Tyra Banks recently wrote an essay on The Daily Beast applauding
Vogue magazine’s
ban on models who “appear to have an eating disorder.”
She
writes: “… the truth is that if I was just starting to model at age 17 in 2012, I could not have had the career that I did. I would’ve been considered too heavy. In my time, the average model’s size was a four or six. Today you are expected to be a size zero. When I started out, I didn’t know such a size even existed.”
2012 rookie Crystal Renn was once a “plus-size model” and has documented her career (and weight issues) in
Hungry, her memoir from a couple years ago.
I can’t speak to the influence that SI (and other publications) might have on inspiring unhealthy decisions in girls. It’s worth pointing out that neither Tyra nor Crystal has taken an anti-swimsuit-issue stance; it’s more a critique of an industry that has an unrealistic threshold of what is acceptable (or sexy).

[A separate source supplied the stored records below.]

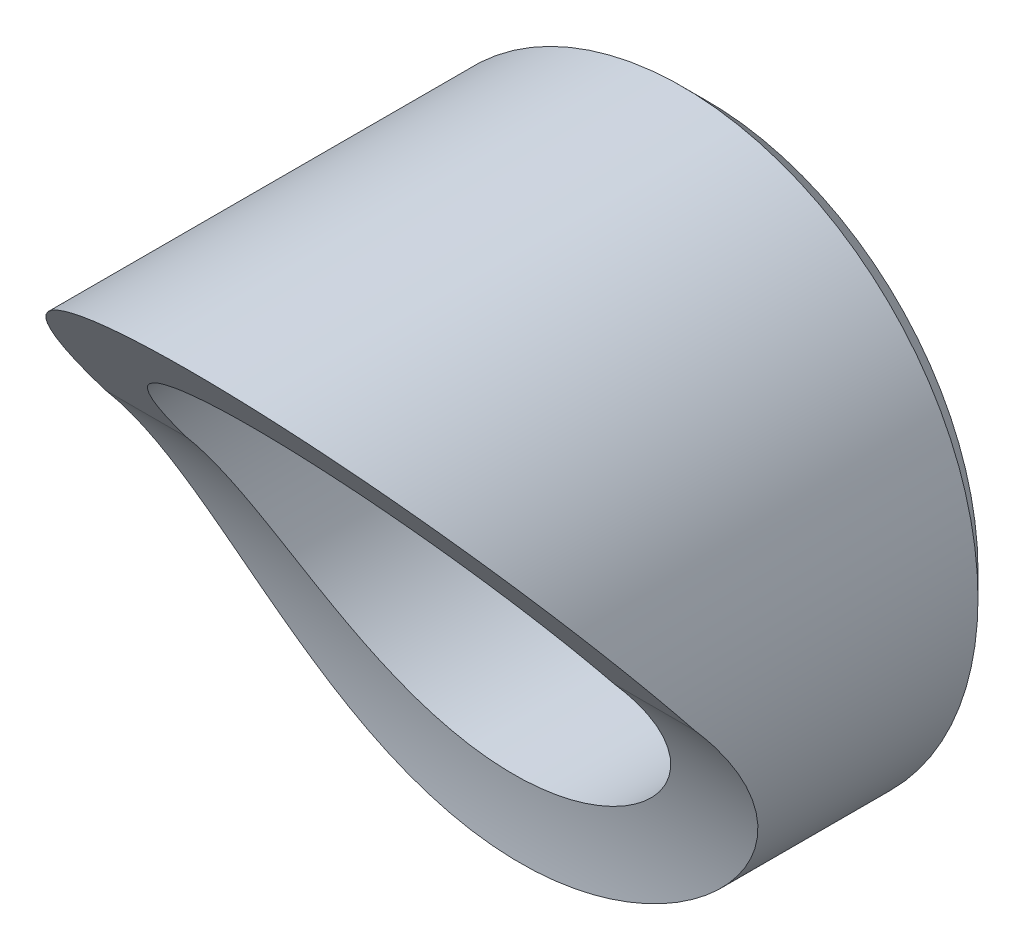
ISO-10303-21;
HEADER;
FILE_DESCRIPTION(('STEP AP214'),'2;1');
FILE_NAME('part.step','',(''),(''),'','','');
FILE_SCHEMA(('AUTOMOTIVE_DESIGN { 1 0 10303 214 1 1 1 1 }'));
ENDSEC;
DATA;
#1=APPLICATION_CONTEXT('core data for automotive mechanical design processes');
#2=APPLICATION_PROTOCOL_DEFINITION('international standard','automotive_design',2000,#1);
#3=PRODUCT_CONTEXT('',#1,'mechanical');
#4=PRODUCT('Part','Part','',(#3));
#5=PRODUCT_RELATED_PRODUCT_CATEGORY('part','',(#4));
#6=PRODUCT_DEFINITION_FORMATION('','',#4);
#7=PRODUCT_DEFINITION_CONTEXT('part definition',#1,'design');
#8=PRODUCT_DEFINITION('design','',#6,#7);
#9=PRODUCT_DEFINITION_SHAPE('','',#8);
#10=(LENGTH_UNIT() NAMED_UNIT(*) SI_UNIT(.MILLI.,.METRE.));
#11=(NAMED_UNIT(*) PLANE_ANGLE_UNIT() SI_UNIT($,.RADIAN.));
#12=(NAMED_UNIT(*) SI_UNIT($,.STERADIAN.) SOLID_ANGLE_UNIT());
#13=UNCERTAINTY_MEASURE_WITH_UNIT(LENGTH_MEASURE(1.E-05),#10,'distance_accuracy_value','');
#14=(GEOMETRIC_REPRESENTATION_CONTEXT(3) GLOBAL_UNCERTAINTY_ASSIGNED_CONTEXT((#13)) GLOBAL_UNIT_ASSIGNED_CONTEXT((#10,
#11,#12)) REPRESENTATION_CONTEXT('',''));
#15=CARTESIAN_POINT('',(0.,0.,0.));
#16=DIRECTION('',(0.,0.,1.));
#17=DIRECTION('',(1.,0.,0.));
#18=AXIS2_PLACEMENT_3D('',#15,#16,#17);
#19=CARTESIAN_POINT('',(0.,0.,0.));
#20=DIRECTION('',(0.,0.,1.));
#21=DIRECTION('',(1.,0.,0.));
#22=AXIS2_PLACEMENT_3D('',#19,#20,#21);
#23=PLANE('',#22);
#24=CARTESIAN_POINT('',(0.,0.,0.));
#25=DIRECTION('',(0.,0.,1.));
#26=DIRECTION('',(1.,0.,0.));
#27=AXIS2_PLACEMENT_3D('',#24,#25,#26);
#28=CIRCLE('',#27,11.);
#29=CARTESIAN_POINT('',(11.,0.,0.));
#30=VERTEX_POINT('',#29);
#31=EDGE_CURVE('E11',#30,#30,#28,.F.);
#32=ORIENTED_EDGE('',*,*,#31,.T.);
#33=EDGE_LOOP('',(#32));
#34=FACE_BOUND('',#33,.T.);
#35=CARTESIAN_POINT('',(0.,0.,0.));
#36=DIRECTION('',(0.,0.,-1.));
#37=DIRECTION('',(-1.,0.,0.));
#38=AXIS2_PLACEMENT_3D('',#35,#36,#37);
#39=CIRCLE('',#38,8.74999999999999);
#40=CARTESIAN_POINT('',(-8.74999999999999,0.,0.));
#41=VERTEX_POINT('',#40);
#42=EDGE_CURVE('E75',#41,#41,#39,.T.);
#43=ORIENTED_EDGE('',*,*,#42,.F.);
#44=EDGE_LOOP('',(#43));
#45=FACE_BOUND('',#44,.T.);
#46=ADVANCED_FACE('F37',(#34,#45),#23,.F.);
#47=CARTESIAN_POINT('',(0.,0.,21.));
#48=DIRECTION('',(0.,0.,-1.));
#49=DIRECTION('',(-1.,0.,0.));
#50=AXIS2_PLACEMENT_3D('',#47,#48,#49);
#51=CYLINDRICAL_SURFACE('',#50,12.);
#52=CARTESIAN_POINT('',(0.,0.,1.00000000000003));
#53=DIRECTION('',(0.,0.,1.));
#54=DIRECTION('',(1.,0.,0.));
#55=AXIS2_PLACEMENT_3D('',#52,#53,#54);
#56=CIRCLE('',#55,12.);
#57=CARTESIAN_POINT('',(12.,0.,1.00000000000003));
#58=VERTEX_POINT('',#57);
#59=EDGE_CURVE('E45',#58,#58,#56,.T.);
#60=ORIENTED_EDGE('',*,*,#59,.T.);
#61=EDGE_LOOP('',(#60));
#62=FACE_BOUND('',#61,.T.);
#63=CARTESIAN_POINT('',(-11.9532085110365,1.05868139290517,12.4517050372462));
#64=CARTESIAN_POINT('',(-11.9649680485447,0.925899042406535,12.3372383249539));
#65=CARTESIAN_POINT('',(-11.9746410331154,0.791512872460983,12.2244347730754));
#66=CARTESIAN_POINT('',(-11.9895163860847,0.519654237816515,12.0022731914124));
#67=CARTESIAN_POINT('',(-11.9947182092425,0.382181398807218,11.8929155834132));
#68=CARTESIAN_POINT('',(-12.0031713325132,-0.0348511411528026,11.5700651600148));
#69=CARTESIAN_POINT('',(-11.9992511327767,-0.318818687778992,11.3619725343735));
#70=CARTESIAN_POINT('',(-11.9698803592871,-0.898036923727318,10.9605528830697));
#71=CARTESIAN_POINT('',(-11.9443230607443,-1.19333660342622,10.7673042381404));
#72=CARTESIAN_POINT('',(-11.8693470507308,-1.79147760951586,10.3979786869024));
#73=CARTESIAN_POINT('',(-11.8199360247676,-2.094316477046,10.2218962717));
#74=CARTESIAN_POINT('',(-11.6949410153717,-2.70678359842109,9.88676224656956));
#75=CARTESIAN_POINT('',(-11.6191826594557,-3.01644387790017,9.72783358408849));
#76=CARTESIAN_POINT('',(-11.4400940046577,-3.63710853611669,9.42912608707081));
#77=CARTESIAN_POINT('',(-11.3367609457437,-3.94811304633474,9.28934917160895));
#78=CARTESIAN_POINT('',(-11.1020559390824,-4.56655065667086,9.02970234769952));
#79=CARTESIAN_POINT('',(-10.9707748651595,-4.87399200563844,8.90977010769909));
#80=CARTESIAN_POINT('',(-10.6798309250602,-5.48222684742475,8.68906985662808));
#81=CARTESIAN_POINT('',(-10.5201719527336,-5.78302124594083,8.58829922023552));
#82=CARTESIAN_POINT('',(-10.1934782211789,-6.33912008440593,8.41591854618011));
#83=CARTESIAN_POINT('',(-10.0295243841111,-6.59561114286801,8.34227219118477));
#84=CARTESIAN_POINT('',(-9.68074465158227,-7.09764612280406,8.20839334868609));
#85=CARTESIAN_POINT('',(-9.49592041398705,-7.34319091165016,8.14815979684835));
#86=CARTESIAN_POINT('',(-9.10630391557527,-7.82115048867659,8.03990437301612));
#87=CARTESIAN_POINT('',(-8.90149242386927,-8.05355228487592,7.99189442553803));
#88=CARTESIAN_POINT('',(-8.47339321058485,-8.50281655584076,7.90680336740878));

The thing is, while the average weight of the models must be dwindling as the years go by, I have never seen any particular SI model, from the 1970s or from the 2010s, who has struck me as obviously underweight. I don’t know if I have some kind of mental recalibration that goes on in my head that justifies every bikini-clad girl I see, but all those models look good and healthy to me. Except maybe Cintia Dicker.
Girl is skinny.
It didn’t really hit me until 2012, so I looked back to her rookie year in 2009. She’s been skinny the whole time, but in ’09 it seemed a little more fun & natural, instead of near-skeletal.
2009
2010
2011
I don’t know what to make of it, and you certainly can’t tell just from looking at someone whether or not she has an eating disorder. All body types are different, and one person’s unhealthy weight is another person’s natural state. But the skinniness that critics of SI are fond of pointing out has never been so obvious to me than in the form of Cintia Dicker. 2012 is the first time it’s interrupted my appreciation of the swimsuit issue.